You've gotten a lot of good responses and good suggestions. Here are a couple more:

When we started sailing, I knew a bit about sailing, but my wife had never been on a boat before.

First - sailing is like skiing - a spouse cannot teach their SO how to ski (do not ask me how I know this). Getting lessons is the way to go.

Take the lessons together - that way your learning curves will be similar (ok - I knew how to sail but I took the basic sailing course with her - guess what? I also learned some things).

The first many years we had a firm contract - one day I would be the skipper and at the helm - the next day it was her. Equal time, including the docking even in very heavy weather. Gave her a lot of confidence and insured that sailing was an equal venture.
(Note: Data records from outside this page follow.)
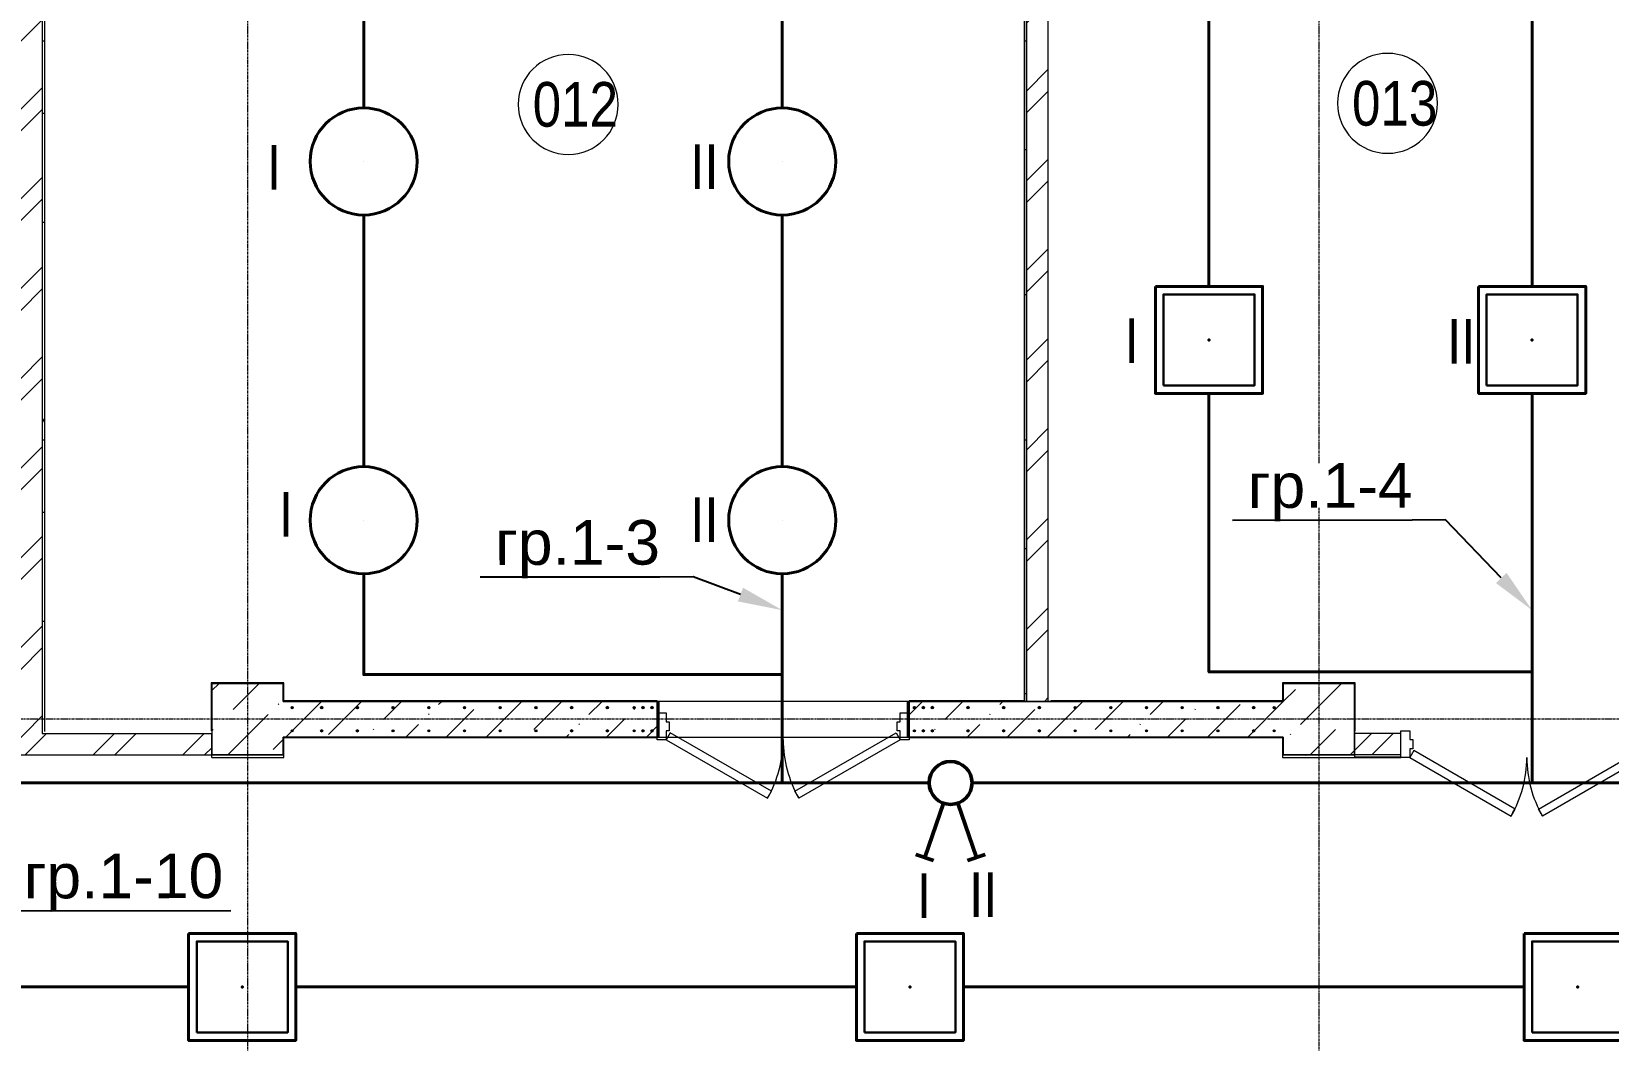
# Model space of a CAD drawing. Header units: metres. Extents: x -93142 to 227756, y -64772 to 286334.
# Drawn here: x 70853 to 79685, y -49086 to -43433 of the extents above; entities that cross this region are included whole.
import ezdxf
from ezdxf import colors
from ezdxf.entities.mleader import LeaderData, LeaderLine
from ezdxf.math import Vec2, Vec3

# ---------------------------------------------------------------- set-up
doc = ezdxf.new("R2010")
doc.units = ezdxf.units.M
doc.linetypes.add('ADSK_Линия сетки', pattern=[21, 12, -3, 3, -3])
doc.linetypes.add('Сверху_2_', pattern=[3.96875, 2.38125, -1.5875])
for name, color, linetype, lineweight in [('A-AREA-IDEN', 7, 'Continuous', 9), ('A-DETL-GENF', 7, 'Continuous', 5), ('A-DOOR', 7, 'Continuous', 5), ('A-DOOR-FRAM', 7, 'Continuous', 13), ('A-FLOR', 7, 'Continuous', 5), ('A-WALL', 7, 'Continuous', 5), ('A-WALL-PATT', 7, 'Continuous', 18), ('I-WALL', 7, 'Continuous', 5), ('nadpisi', 84, 'Continuous', 13), ('S-COLS', 7, 'Continuous', 5), ('S-GRID', 7, 'Continuous', 9), ('S-RBAR', 7, 'Continuous', 5), ('раб осв', 7, 'Continuous', 40), ('ЭЛ', 250, 'Continuous', 50), ('ЭЛ.освещ.', 150, 'Continuous', 50), ('ЭЛ.сети', 5, 'Continuous', 100)]:
    doc.layers.add(name, color=color, linetype=linetype, lineweight=lineweight)
doc.styles.add('Arial', font='ARIALN.TTF', dxfattribs={"width": 0.8, "height": 2.5})
doc.styles.add('GOST Common_I_1', font='ARIALN.TTF', dxfattribs={"height": 300})
doc.styles.add('ISOPEUR', font='ARIALN.TTF')
pattern_1 = [(45, (0, 0), (84.19025, 308.69666), [396.875, -79.375, 3.353, -76.022])]
pattern_2 = [(45, (0, 0), (-251.4472, 251.4472), []), (45, (0, 381), (-251.4472, 251.4472), [])]
pattern_3 = [(0, (0, 0), (812.8, 203.2), [33.528, -576.072, 33.528, -576.072, -3251.2]), (0, (0, 0), (812.8, 203.2), [-1219.2, 33.528, -1185.672, 33.528, -576.072, -1422.4]), (0, (0, 0), (812.8, 203.2), [-3048, 33.528, -372.872, 33.528, -982.472]), (120, (304.8, 101.6), (-582.37636, 602.30545), [33.528, -576.072, 33.528, -576.072, -3251.2]), (120, (304.8, 101.6), (-582.37636, 602.30545), [-1219.2, 33.528, -1185.672, 33.528, -576.072, -1422.4]), (120, (304.8, 101.6), (-582.37636, 602.30545), [-3048, 33.528, -372.872, 33.528, -982.472]), (240, (406.4, 508), (-230.42364, -805.50545), [33.528, -576.072, 33.528, -576.072, -3251.2]), (240, (406.4, 508), (-230.42364, -805.50545), [-1219.2, 33.528, -1185.672, 33.528, -576.072, -1422.4]), (240, (406.4, 508), (-230.42364, -805.50545), [-3048, 33.528, -372.872, 33.528, -982.472])]

# ---------------------------------------------------------------- blocks, each defined once
blk = doc.blocks.new('ARM_дверь_проем - 1400 x 2200_в_-195152-Цокольный этаж')
at = {"layer": 'A-DETL-GENF', "linetype": 'Сверху_2_', "lineweight": 20}
for p, q in [((691.8, 100), (-708.2, 100)), ((-708.2, -100), (691.8, -100))]:
    blk.add_line(p, q, dxfattribs=at)
at = {"layer": 'A-DETL-GENF', "lineweight": 40}
for p, q in [((-708.2, 100), (-708.2, -100)), ((691.8, -100), (691.8, 100))]:
    blk.add_line(p, q, dxfattribs=at)
blk = doc.blocks.new('КДП АПК - КР_rvt-1-Цокольный этаж')
at = {"layer": 'A-WALL-PATT', "lineweight": 15}
h = blk.add_hatch(dxfattribs=at)
h.set_pattern_fill('FP_9', color=256, style=0, pattern_type=2)
h.set_pattern_definition(pattern_1)
h.paths.add_polyline_path([(77862.7, -46745.6), (77862.7, -46545.6), (75762.7, -46545.6), (75762.7, -46745.6), (77427.6, -46745.6)], flags=0)
h.paths.add_polyline_path([(74362.7, -46745.6), (74362.7, -46545.6), (72262.7, -46545.6), (72262.7, -46745.6), (72357.9, -46745.6)], flags=0)
at = {"layer": 'S-COLS', "lineweight": 15}
h = blk.add_hatch(dxfattribs=at)
h.set_pattern_fill('FP_9', color=256, style=0, pattern_type=2)
h.set_pattern_definition(pattern_1)
h.paths.add_polyline_path([(71862.7, -46845.6), (72262.7, -46845.6), (72262.7, -46445.6), (71862.7, -46445.6)], flags=0)
h = blk.add_hatch(dxfattribs=at)
h.set_pattern_fill('FP_9', color=256, style=0, pattern_type=2)
h.set_pattern_definition(pattern_1)
h.paths.add_polyline_path([(77862.7, -46845.6), (78262.7, -46845.6), (78262.7, -46445.6), (77862.7, -46445.6), (77862.7, -46745.6)], flags=0)
at = {"layer": 'S-RBAR', "lineweight": 15}
for points in [[(72312.7, -46586.6), (72318.7, -46580.6), (72312.7, -46574.6), (72306.7, -46580.6)], [(72477.7, -46586.6), (72483.7, -46580.6), (72477.7, -46574.6), (72471.7, -46580.6)], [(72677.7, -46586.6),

I simply can't stress the above (equal time) enough. It will ensure that you are true partners in this. Sure I have a lot more upper body strength than she does - so today I do most of the heavy stuff. But not at the beginning - we figured out ways for her to do the heavy stuff.

Today we are both Yachtmaster Ocean and sail in just about any weather, it doesn't faze her at all. I go below to get my sleep even when we are sailing in 45-50 knot winds. she can handle almost anything and if she needs help she'll call me (as I will call her if I need help).

Oddly - this approach has meant that my wife generally does not like to sail with women only - she feels they usually are not good sailors, nor do they take it seriously. I suspect because many women are subjected to their husbands not relinquishing control of the boat and the women being reduced to being "fender-benders".

last week we sailed home in a 30 knot following wind, with 2-4 meter breaking waves. The sea was heavy enough that the autopilot wasn't up to the task and we had to handsteer the whole way. She took her half the watches (18 hour sail) without a peep, despite having greenies break over both her and the boat numerous times, soaking her and everything else (not me - I was below sleeping LOL), but I got my share on my watches.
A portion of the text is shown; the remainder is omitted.